Your task:
Through the line with "each defined once" and starting from the first line, return the records below word for word, with pictures left out.

Information:
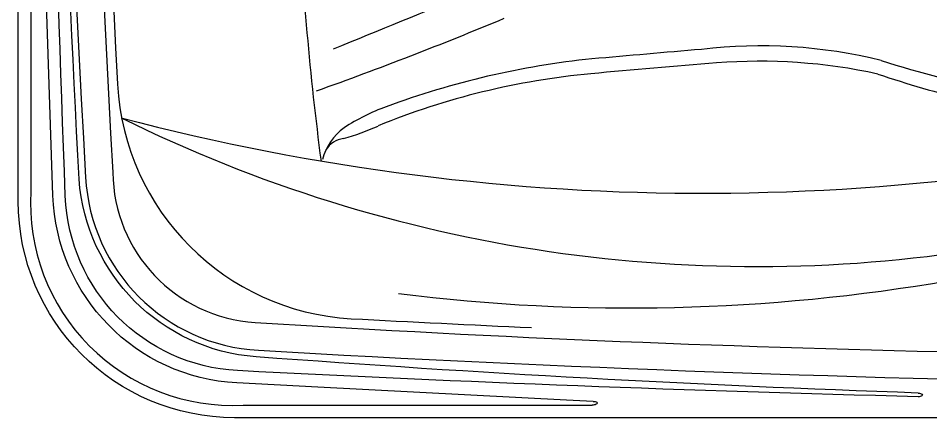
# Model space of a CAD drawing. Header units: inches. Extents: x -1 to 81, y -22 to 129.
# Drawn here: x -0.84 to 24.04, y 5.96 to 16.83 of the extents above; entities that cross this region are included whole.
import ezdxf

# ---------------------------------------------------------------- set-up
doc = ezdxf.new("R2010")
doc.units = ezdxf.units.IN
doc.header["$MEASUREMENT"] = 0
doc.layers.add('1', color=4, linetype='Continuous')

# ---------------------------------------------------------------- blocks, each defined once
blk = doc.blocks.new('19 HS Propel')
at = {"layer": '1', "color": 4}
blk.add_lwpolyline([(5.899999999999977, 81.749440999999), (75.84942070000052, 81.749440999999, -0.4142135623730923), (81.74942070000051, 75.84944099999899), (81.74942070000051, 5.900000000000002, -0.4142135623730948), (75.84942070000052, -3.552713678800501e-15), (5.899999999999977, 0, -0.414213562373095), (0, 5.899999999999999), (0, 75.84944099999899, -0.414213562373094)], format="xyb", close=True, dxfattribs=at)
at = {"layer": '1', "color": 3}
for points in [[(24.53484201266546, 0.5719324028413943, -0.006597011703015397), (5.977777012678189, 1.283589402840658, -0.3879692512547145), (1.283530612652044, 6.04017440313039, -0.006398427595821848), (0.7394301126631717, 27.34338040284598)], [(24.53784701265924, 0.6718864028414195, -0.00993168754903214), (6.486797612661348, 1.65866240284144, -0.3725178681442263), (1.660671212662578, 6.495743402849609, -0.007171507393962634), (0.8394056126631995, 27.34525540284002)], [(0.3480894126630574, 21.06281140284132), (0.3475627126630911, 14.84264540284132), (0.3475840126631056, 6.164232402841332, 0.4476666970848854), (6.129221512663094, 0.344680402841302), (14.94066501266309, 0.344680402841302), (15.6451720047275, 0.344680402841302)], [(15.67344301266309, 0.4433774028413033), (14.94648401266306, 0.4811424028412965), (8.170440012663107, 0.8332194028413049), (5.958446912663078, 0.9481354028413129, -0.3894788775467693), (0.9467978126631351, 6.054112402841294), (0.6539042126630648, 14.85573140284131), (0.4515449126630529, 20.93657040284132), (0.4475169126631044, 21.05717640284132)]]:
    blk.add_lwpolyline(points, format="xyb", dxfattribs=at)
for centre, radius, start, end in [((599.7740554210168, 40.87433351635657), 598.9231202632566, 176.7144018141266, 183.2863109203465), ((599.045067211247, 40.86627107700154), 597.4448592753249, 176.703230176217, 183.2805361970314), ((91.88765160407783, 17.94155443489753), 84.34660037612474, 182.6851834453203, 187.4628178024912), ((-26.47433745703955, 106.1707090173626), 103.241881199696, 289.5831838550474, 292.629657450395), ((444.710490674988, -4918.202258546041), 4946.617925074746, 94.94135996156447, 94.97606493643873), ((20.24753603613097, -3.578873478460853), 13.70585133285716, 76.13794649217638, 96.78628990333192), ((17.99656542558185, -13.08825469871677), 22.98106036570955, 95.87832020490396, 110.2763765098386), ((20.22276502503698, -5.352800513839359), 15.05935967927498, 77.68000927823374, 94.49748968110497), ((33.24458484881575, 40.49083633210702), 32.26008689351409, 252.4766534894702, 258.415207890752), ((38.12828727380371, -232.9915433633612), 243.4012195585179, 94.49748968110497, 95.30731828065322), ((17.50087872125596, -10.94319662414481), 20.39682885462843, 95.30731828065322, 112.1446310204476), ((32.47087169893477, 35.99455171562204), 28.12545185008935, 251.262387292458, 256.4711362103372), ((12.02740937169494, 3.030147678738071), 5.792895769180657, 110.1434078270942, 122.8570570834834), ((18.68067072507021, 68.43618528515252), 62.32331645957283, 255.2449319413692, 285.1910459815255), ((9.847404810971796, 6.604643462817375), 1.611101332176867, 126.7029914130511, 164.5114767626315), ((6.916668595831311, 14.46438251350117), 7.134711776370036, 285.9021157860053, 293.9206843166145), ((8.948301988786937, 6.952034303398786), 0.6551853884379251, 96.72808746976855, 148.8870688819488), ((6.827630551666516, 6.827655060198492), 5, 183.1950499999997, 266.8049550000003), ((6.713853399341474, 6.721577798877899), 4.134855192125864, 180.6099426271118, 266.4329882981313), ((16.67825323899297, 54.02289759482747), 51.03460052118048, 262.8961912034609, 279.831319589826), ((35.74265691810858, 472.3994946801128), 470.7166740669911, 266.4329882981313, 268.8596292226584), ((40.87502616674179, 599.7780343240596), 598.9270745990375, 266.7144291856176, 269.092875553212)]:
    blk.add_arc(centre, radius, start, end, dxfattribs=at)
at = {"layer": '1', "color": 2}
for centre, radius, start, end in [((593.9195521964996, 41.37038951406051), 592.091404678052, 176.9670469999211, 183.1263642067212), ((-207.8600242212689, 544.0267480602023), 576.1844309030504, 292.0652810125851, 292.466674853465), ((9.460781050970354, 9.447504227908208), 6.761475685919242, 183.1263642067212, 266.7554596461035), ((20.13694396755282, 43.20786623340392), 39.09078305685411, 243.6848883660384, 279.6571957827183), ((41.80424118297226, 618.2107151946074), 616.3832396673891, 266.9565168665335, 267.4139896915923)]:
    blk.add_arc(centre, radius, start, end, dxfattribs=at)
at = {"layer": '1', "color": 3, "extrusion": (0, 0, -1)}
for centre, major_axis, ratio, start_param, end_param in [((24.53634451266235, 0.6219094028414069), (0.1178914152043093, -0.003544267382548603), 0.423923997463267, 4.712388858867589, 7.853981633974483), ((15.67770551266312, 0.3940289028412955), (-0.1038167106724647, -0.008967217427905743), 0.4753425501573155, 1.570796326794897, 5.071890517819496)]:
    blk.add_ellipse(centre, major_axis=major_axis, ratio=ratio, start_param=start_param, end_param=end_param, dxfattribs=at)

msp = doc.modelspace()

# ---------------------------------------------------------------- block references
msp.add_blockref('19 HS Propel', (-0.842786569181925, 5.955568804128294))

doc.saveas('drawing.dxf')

Solution for this problem:
# Model space of a CAD drawing. Header units: inches. Extents: x -1 to 81, y -22 to 129.
# Drawn here: x -0.84 to 24.04, y 5.96 to 16.83 of the extents above; entities that cross this region are included whole.
import ezdxf

# ---------------------------------------------------------------- set-up
doc = ezdxf.new("R2010")
doc.units = ezdxf.units.IN
doc.header["$MEASUREMENT"] = 0
doc.layers.add('1', color=4, linetype='Continuous')

# ---------------------------------------------------------------- blocks, each defined once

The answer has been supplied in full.